Num
dia qualquer de fevereiro de 2015, uma adolescente inglesa chamada Shamima
Begum, de apenas quinze anos, fugiu de casa junto com duas outras amigas
estudantes do mesmo colégio, na parte leste de Londres. As três rumaram para o
aeroporto de Gatwick – possivelmente, acompanhadas de adultos, já que eram
menores de idade -, de onde tomaram um voo para Istanbul, na Turquia, antes de
cruzarem a fronteira síria até a cidade de Raqqa, autoproclamada capital do
Estado Islâmico. Dez dias depois de chegar a Raqqa, Shamima casou-se com um
holandês convertido ao islamismo, chamado Yago Riedijk, que cerrava fileiras no
exército mundialmente conhecido por transformar em show midiático as
decapitações dos “infiéis”. Com Yago, Shamima teve dois filhos. Um, morreu com
um ano e nove meses; o outro, morreu com oito meses em decorrência de alguma
doença associada à desnutrição e falta de atendimento médico adequado.
Agora
com dezenove anos e descoberta por jornalistas vivendo num campo de refugiados no
nordeste da Síria, onde acaba de dar à luz ao terceiro filho, Shamima quer
“desesperadamente” voltar ao Reino Unido para cria-lo num ambiente tranquilo e
seguro junto à família que permaneceu em Londres. Mas o caminho de volta é
incerto, e talvez nem aconteça. Representantes do governo de Sua Majestade
estão dispostos a impedir seu retorno por considera-la um “risco à segurança
nacional” privando-a, caso necessário, da cidadania britânica, posicionamento
que vem sendo questionando legalmente até mesmo pelo chefe do serviço secreto
inglês – o famoso MI16.
Shamima,
em momento algum, demonstrou remorso em ter-se juntado ao Califado nem abalo
por testemunhar cabeças empilhadas em latas de lixo, mas nega que seja um
perigo caso retorne a Londres:
Eles
(o governo britânico) não têm nenhuma evidência de que eu tenha feito qualquer
coisa perigosa. Quando eu fui para a Síria, eu era apenas uma dona de casa, eu
fiquei em casa nesses quatro anos cuidando do meu marido e dos meus filhos. Eu
nunca fiz nada (de errado). Eu nunca propagandeei (os ideais do Estado
Islâmico). Nunca encorajei qualquer pessoa a vir para a Síria.
Ficaram
famosas as cenas de soldados do Estado Islâmico rasgando seus passaportes
europeus em frente às câmeras de televisão, renunciando simbolicamente à
cidadania de seus países de origem. Aparentemente, não foi o caso de Shamima.

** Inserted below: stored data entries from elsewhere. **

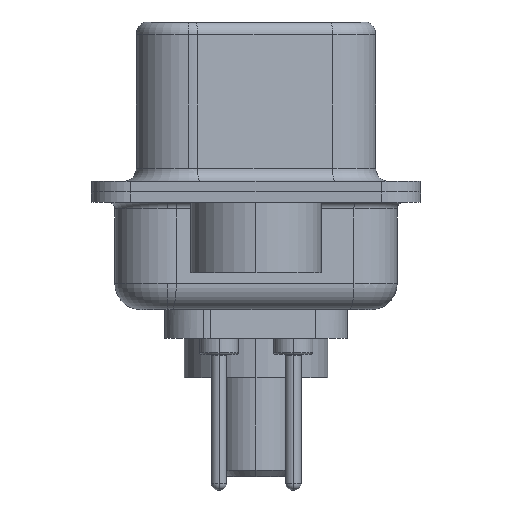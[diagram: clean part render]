
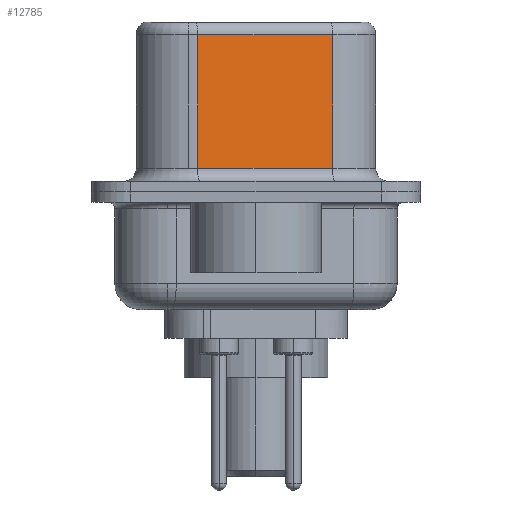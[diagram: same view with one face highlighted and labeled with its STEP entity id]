
A CAD part, left-side view. The second image highlights one B-rep face of the part: STEP entity #12785.
In plain terms, the highlighted planar face has unit normal (-0.985, -0.174, 0).
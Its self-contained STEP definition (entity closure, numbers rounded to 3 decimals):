
#8 = DIRECTION ( 'NONE',  ( -0.174, 0.985, 0. ) ) ;
#119 = CARTESIAN_POINT ( 'NONE',  ( 4.58, -2.927, 6.02 ) ) ;
#168 = CARTESIAN_POINT ( 'NONE',  ( 3.67, 2.233, 6.52 ) ) ;
#924 = ORIENTED_EDGE ( 'NONE', *, *, #7668, .T. ) ;
#952 = ORIENTED_EDGE ( 'NONE', *, *, #5491, .T. ) ;
#1753 = DIRECTION ( 'NONE',  ( 0.174, -0.985, 0. ) ) ;
#2903 = CARTESIAN_POINT ( 'NONE',  ( 4.58, -2.927, 0.9 ) ) ;
#4142 = DIRECTION ( 'NONE',  ( 0., 0., -1. ) ) ;
#4319 = VECTOR ( 'NONE', #4142, 1000. ) ;
#4433 = VERTEX_POINT ( 'NONE', #119 ) ;
#4457 = VERTEX_POINT ( 'NONE', #13524 ) ;
#5491 = EDGE_CURVE ( 'NONE', #11885, #4457, #12874, .T. ) ;
#6167 = VERTEX_POINT ( 'NONE', #9558 ) ;
#6333 = VECTOR ( 'NONE', #8394, 1000. ) ;
#6460 = DIRECTION ( 'NONE',  ( 0.985, 0.174, 0. ) ) ;
#6664 = LINE ( 'NONE', #2903, #12192 ) ;
#6750 = FACE_OUTER_BOUND ( 'NONE', #12857, .T. ) ;
#7043 = VECTOR ( 'NONE', #7561, 1000. ) ;
#7124 = EDGE_CURVE ( 'NONE', #4433, #11885, #8969, .T. ) ;
#7561 = DIRECTION ( 'NONE',  ( 0., 0., -1. ) ) ;
#7668 = EDGE_CURVE ( 'NONE', #4457, #6167, #6664, .T. ) ;
#7883 = EDGE_CURVE ( 'NONE', #4433, #6167, #10189, .T. ) ;
#8255 = CARTESIAN_POINT ( 'NONE',  ( 4.58, -2.927, 6.02 ) ) ;
#8394 = DIRECTION ( 'NONE',  ( -0.174, 0.985, 0. ) ) ;
#8969 = LINE ( 'NONE', #8255, #6333 ) ;
#9316 = CARTESIAN_POINT ( 'NONE',  ( 3.67, 2.233, 6.02 ) ) ;
#9558 = CARTESIAN_POINT ( 'NONE',  ( 4.58, -2.927, 0.9 ) ) ;
#9774 = CARTESIAN_POINT ( 'NONE',  ( 4.58, -2.927, 6.52 ) ) ;
#10055 = CARTESIAN_POINT ( 'NONE',  ( 4.58, -2.927, 6.52 ) ) ;
#10189 = LINE ( 'NONE', #10055, #4319 ) ;
#10917 = PLANE ( 'NONE',  #12647 ) ;
#11097 = ORIENTED_EDGE ( 'NONE', *, *, #7124, .T. ) ;
#11885 = VERTEX_POINT ( 'NONE', #9316 ) ;
#12068 = ORIENTED_EDGE ( 'NONE', *, *, #7883, .F. ) ;
#12192 = VECTOR ( 'NONE', #1753, 1000. ) ;
#12647 = AXIS2_PLACEMENT_3D ( 'NONE', #9774, #6460, #8 ) ;
#12785 = ADVANCED_FACE ( 'NONE', ( #6750 ), #10917, .F. ) ;
#12857 = EDGE_LOOP ( 'NONE', ( #12068, #11097, #952, #924 ) ) ;
#12874 = LINE ( 'NONE', #168, #7043 ) ;
#13524 = CARTESIAN_POINT ( 'NONE',  ( 3.67, 2.233, 0.9 ) ) ;

Cidadãos britânicos que não têm dupla nacionalidade – e o Estado Islâmico, por
não ser reconhecido pela comunidade internacional, não tem e nunca teve status de
Estado-Nação - têm o direito de retornar ao Reino Unido, trata-se de legislação
internacional. Ademais, a cidadania não é questão pessoal, de escolha
individual, como um time de futebol, uma religião ou preferência sexual. É uma
identidade jurídica, política, outorgada pelo Estado, e é aqui que o caso de
Shamima chama a atenção.
Ao
que tudo indica, Shamima não rasgou seu passaporte. Ela também nega que tenha
praticado ações terroristas – e, se tivesse, por que não solicitar a
extradição para que o julgamento fosse levado a cabo em território nacional? - apenas
resolveu viver a vida de acordo com as leis impostas pelo regime do
autointitulado Califado. Como as autoridades inglesas se comportariam se
Shamima tivesse permanecido em Londres e levasse adiante sua conversão ao
fundamentalismo religioso? Exercer uma
identidade religiosa que nos agride simbolicamente – porque adotar valores
fundamentalistas não torna um indivíduo automaticamente terrorista – é motivo
suficiente para retirar o status de cidadão?
O
quê define o conceito de cidadania? Quais os critérios que um Estado nacional
pode se utilizar para a retirada da cidadania? Existem critérios “objetivos”?
Quais seriam? Apologia à tortura? Racismo? Quais os riscos de cairmos numa
“caça às bruxas”, nas teorias conspirativas do “inimigo interno”, do
“terrorismo”, nas ideologias nacionalistas xenófobas e racistas, nas Doutrinas
de Segurança Nacional? Existe uma “cidadania correta”, uma “cidadania do bem”?
Não
tenho qualquer simpatia por quem resolveu adotar o fundamentalismo religioso
como estilo de vida. Pessoalmente, acho Shamima uma pobre coitada. Isto,
entretanto, não a transforma numa criminosa, como numa relação inevitável entre causa
e efeito, apenas lhe confere, provisoriamente, o status de boba da corte.